▶ EXERCISE
Gather every line from the entries below that includes "units".

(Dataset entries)
Start of Block

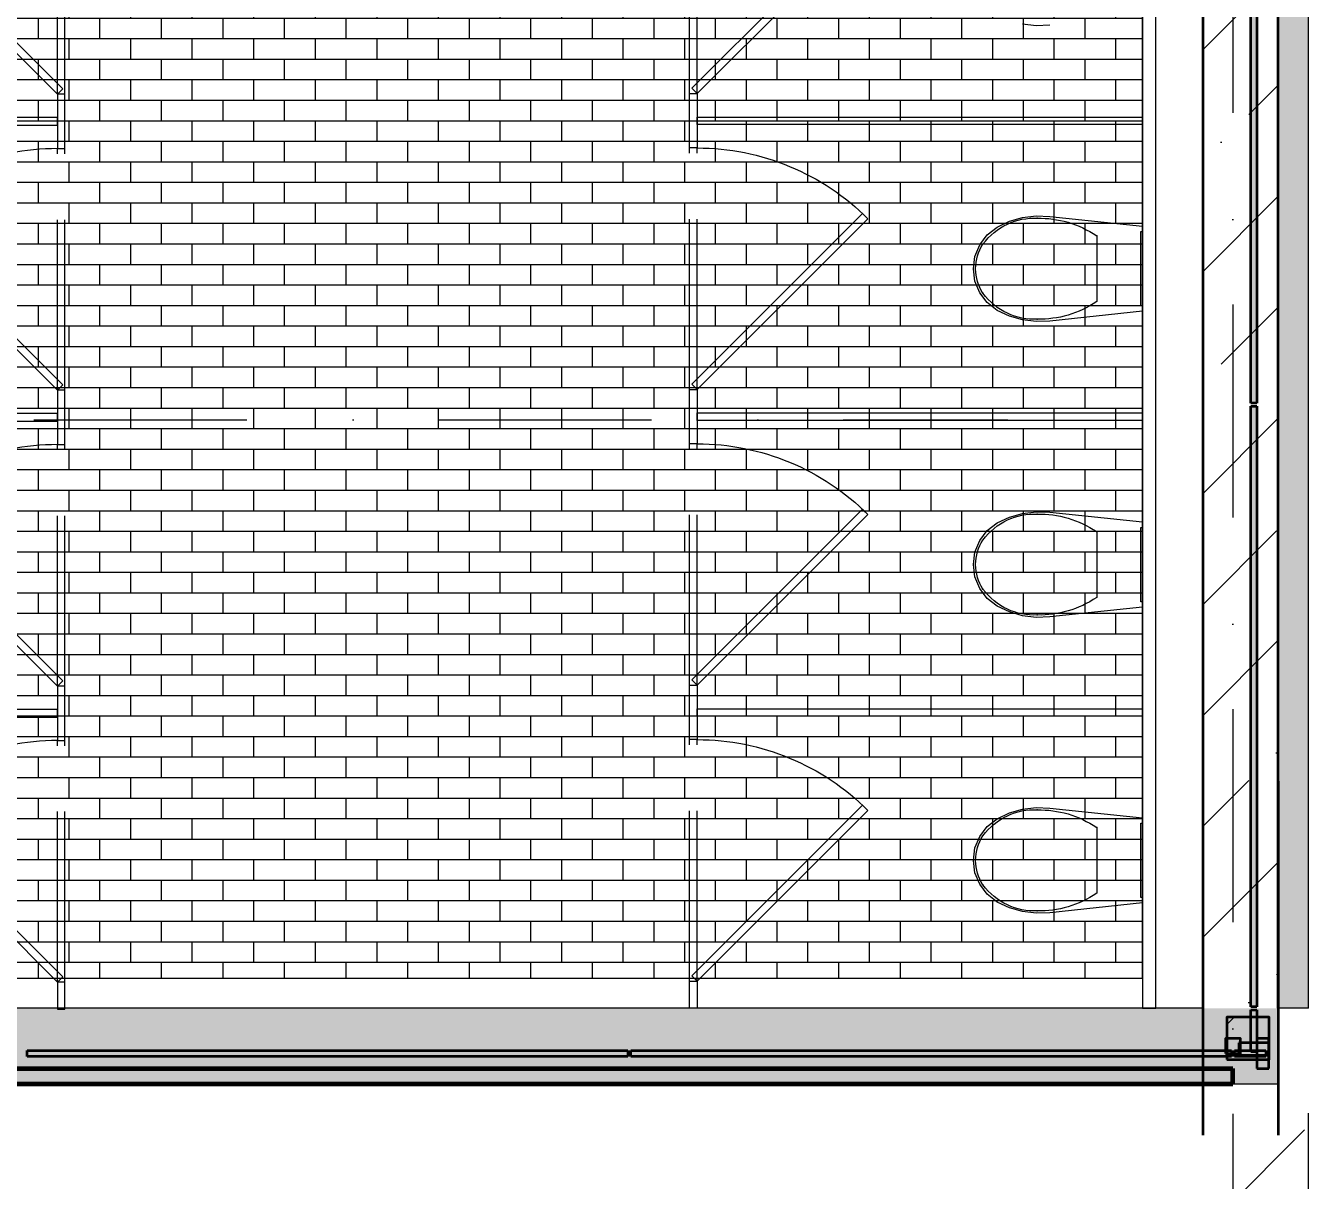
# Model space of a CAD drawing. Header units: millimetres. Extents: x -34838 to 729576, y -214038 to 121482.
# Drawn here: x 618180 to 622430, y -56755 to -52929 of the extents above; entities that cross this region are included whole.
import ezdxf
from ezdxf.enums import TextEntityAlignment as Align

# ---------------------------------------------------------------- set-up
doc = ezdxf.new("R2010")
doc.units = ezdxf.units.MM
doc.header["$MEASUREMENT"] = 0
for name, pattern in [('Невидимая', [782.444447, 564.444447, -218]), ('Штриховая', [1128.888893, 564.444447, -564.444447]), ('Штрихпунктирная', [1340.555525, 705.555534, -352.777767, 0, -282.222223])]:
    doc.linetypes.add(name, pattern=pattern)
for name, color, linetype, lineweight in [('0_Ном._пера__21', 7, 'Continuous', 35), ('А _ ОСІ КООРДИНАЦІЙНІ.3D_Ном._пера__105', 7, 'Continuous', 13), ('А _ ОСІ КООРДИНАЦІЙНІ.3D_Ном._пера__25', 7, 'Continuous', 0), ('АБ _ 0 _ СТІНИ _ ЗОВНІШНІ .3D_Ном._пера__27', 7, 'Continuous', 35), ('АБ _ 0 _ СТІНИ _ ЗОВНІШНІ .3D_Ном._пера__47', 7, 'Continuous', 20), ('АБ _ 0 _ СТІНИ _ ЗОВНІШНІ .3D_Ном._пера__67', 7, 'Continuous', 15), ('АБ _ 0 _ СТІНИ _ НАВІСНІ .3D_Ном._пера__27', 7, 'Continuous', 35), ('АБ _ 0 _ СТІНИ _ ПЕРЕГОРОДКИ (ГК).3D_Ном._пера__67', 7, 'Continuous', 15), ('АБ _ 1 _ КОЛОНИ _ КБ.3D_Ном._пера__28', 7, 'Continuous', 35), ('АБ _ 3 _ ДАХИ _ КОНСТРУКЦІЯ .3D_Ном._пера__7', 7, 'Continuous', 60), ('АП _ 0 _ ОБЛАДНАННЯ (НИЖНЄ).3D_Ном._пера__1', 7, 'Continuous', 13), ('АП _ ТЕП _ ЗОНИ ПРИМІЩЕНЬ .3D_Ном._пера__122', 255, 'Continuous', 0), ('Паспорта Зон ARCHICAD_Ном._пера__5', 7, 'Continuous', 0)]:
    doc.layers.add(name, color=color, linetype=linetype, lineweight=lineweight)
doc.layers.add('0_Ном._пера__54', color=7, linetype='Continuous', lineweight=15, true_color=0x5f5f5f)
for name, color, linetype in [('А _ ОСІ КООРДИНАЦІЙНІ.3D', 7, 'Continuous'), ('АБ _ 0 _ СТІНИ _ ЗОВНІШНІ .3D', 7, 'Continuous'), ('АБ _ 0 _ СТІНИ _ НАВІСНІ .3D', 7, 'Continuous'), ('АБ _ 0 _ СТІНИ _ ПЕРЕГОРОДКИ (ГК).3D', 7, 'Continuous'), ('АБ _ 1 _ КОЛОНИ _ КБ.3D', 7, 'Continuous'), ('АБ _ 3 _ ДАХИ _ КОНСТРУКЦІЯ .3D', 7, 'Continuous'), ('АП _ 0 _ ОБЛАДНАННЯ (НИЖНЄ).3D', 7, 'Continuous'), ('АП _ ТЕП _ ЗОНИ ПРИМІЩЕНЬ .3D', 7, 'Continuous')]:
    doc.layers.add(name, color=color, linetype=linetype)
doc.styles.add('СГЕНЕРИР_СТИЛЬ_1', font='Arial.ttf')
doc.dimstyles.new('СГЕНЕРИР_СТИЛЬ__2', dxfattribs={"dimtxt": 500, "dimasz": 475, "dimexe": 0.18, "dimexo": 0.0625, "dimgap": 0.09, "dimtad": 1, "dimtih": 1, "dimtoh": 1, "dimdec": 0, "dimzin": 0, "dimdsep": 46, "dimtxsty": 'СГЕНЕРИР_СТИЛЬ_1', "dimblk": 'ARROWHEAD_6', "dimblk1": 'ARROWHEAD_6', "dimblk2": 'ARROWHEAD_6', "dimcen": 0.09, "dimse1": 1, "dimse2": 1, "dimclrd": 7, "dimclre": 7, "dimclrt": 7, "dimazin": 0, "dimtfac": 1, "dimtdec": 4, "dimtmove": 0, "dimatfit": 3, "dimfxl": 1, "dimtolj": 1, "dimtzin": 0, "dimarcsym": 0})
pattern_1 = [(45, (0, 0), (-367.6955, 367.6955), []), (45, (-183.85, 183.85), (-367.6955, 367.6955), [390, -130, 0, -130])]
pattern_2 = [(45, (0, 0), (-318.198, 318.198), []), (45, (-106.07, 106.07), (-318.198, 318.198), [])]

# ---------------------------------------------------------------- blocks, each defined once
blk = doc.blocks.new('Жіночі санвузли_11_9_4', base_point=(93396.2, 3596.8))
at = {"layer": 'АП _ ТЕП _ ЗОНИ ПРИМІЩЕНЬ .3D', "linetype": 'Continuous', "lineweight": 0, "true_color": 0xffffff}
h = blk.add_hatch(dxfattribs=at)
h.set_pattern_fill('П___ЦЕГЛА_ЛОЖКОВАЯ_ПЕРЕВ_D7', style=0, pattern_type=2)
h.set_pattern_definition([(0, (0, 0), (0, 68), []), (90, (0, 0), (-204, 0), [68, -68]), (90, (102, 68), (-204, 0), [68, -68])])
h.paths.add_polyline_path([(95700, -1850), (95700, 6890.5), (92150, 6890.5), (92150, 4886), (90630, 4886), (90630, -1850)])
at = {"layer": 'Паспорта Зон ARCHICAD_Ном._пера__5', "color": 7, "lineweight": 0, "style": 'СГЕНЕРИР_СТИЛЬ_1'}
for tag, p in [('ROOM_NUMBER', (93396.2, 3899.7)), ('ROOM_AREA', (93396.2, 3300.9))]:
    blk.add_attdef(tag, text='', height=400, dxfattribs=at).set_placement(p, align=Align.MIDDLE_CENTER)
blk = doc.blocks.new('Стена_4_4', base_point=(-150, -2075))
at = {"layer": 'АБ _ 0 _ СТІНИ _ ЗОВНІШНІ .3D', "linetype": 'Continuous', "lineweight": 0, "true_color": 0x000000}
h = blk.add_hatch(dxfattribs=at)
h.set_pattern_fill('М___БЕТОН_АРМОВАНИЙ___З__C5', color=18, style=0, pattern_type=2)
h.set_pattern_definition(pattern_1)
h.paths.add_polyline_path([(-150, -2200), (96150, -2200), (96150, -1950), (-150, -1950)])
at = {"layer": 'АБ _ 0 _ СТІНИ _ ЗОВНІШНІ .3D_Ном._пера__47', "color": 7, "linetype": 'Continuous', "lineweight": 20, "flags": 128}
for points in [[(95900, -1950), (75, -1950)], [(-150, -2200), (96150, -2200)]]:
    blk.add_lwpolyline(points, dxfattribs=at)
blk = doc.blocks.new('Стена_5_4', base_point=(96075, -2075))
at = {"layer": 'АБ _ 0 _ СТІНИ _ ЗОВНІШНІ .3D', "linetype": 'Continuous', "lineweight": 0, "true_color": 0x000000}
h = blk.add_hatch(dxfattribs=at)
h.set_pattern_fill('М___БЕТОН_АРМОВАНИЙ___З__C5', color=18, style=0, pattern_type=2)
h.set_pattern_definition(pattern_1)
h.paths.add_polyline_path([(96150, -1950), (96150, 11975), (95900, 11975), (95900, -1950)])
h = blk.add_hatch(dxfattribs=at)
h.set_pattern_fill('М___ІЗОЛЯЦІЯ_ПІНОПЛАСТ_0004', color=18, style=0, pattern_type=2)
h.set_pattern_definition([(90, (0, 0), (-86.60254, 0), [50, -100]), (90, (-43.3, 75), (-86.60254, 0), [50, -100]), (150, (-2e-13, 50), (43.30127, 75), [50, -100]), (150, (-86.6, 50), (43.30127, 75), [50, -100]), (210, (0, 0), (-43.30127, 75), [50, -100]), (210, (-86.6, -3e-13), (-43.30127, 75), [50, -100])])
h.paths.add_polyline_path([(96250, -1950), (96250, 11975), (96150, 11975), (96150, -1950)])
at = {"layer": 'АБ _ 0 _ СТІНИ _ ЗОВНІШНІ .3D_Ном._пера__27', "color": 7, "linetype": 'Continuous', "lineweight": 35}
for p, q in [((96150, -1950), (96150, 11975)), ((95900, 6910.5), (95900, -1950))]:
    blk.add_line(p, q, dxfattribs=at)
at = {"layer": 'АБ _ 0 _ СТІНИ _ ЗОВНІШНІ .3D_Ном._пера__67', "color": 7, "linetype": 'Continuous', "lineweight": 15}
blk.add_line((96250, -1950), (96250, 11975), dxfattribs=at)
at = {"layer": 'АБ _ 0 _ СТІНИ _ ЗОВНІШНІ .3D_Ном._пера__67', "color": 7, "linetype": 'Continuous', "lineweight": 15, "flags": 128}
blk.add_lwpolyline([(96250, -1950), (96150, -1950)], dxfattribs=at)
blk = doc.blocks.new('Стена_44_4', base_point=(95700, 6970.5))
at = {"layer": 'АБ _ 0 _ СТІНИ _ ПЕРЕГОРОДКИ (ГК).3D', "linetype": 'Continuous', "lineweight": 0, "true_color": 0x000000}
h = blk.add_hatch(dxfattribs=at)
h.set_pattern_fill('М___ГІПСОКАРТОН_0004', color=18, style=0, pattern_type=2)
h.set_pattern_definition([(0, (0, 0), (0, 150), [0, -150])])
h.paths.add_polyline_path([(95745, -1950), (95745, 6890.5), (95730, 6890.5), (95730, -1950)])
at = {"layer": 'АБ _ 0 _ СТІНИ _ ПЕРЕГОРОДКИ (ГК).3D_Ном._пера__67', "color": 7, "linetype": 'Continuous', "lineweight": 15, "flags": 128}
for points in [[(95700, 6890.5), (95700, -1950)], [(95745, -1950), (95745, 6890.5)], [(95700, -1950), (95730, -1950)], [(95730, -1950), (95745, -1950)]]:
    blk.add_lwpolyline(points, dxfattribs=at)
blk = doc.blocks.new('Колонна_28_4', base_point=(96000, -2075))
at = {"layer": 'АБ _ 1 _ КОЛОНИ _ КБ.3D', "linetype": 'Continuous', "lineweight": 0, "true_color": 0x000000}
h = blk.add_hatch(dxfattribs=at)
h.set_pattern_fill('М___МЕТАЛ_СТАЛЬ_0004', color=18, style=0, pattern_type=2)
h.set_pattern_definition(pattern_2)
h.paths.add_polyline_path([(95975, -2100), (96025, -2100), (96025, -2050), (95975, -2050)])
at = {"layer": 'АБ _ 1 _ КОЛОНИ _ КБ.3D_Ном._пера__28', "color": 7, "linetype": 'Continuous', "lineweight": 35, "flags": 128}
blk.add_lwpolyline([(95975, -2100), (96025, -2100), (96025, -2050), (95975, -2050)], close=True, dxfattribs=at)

End of Block

▶ EXPECTED ANSWER
# Model space of a CAD drawing. Header units: millimetres. Extents: x -34838 to 729576, y -214038 to 121482.
doc.units = ezdxf.units.MM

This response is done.